** Data extracts **
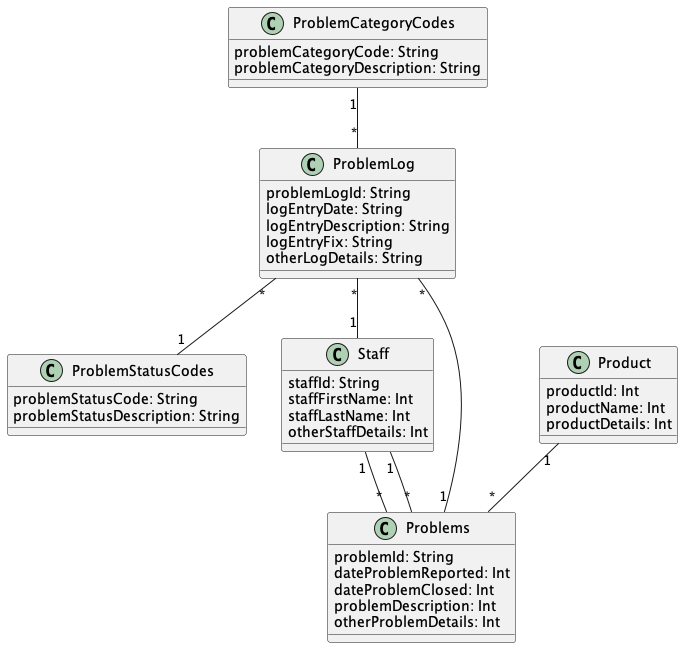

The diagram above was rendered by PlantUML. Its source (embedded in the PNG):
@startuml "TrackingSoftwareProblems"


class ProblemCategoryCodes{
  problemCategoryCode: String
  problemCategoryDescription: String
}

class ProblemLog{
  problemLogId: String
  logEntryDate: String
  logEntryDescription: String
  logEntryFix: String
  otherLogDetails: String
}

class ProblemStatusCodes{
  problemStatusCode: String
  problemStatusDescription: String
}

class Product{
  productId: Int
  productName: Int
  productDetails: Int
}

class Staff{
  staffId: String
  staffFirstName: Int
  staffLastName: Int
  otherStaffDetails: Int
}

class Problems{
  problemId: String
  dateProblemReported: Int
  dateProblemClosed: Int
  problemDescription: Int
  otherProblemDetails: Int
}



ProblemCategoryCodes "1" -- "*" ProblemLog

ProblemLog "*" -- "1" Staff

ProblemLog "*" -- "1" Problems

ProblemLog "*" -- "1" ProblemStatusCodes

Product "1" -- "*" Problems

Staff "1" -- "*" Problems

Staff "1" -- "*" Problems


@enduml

** Exercise goal **
Search the material for the word "ProblemCategoryCodes" and copy each line where it occurs.

** Expected answer **
class ProblemCategoryCodes{
ProblemCategoryCodes "1" -- "*" ProblemLog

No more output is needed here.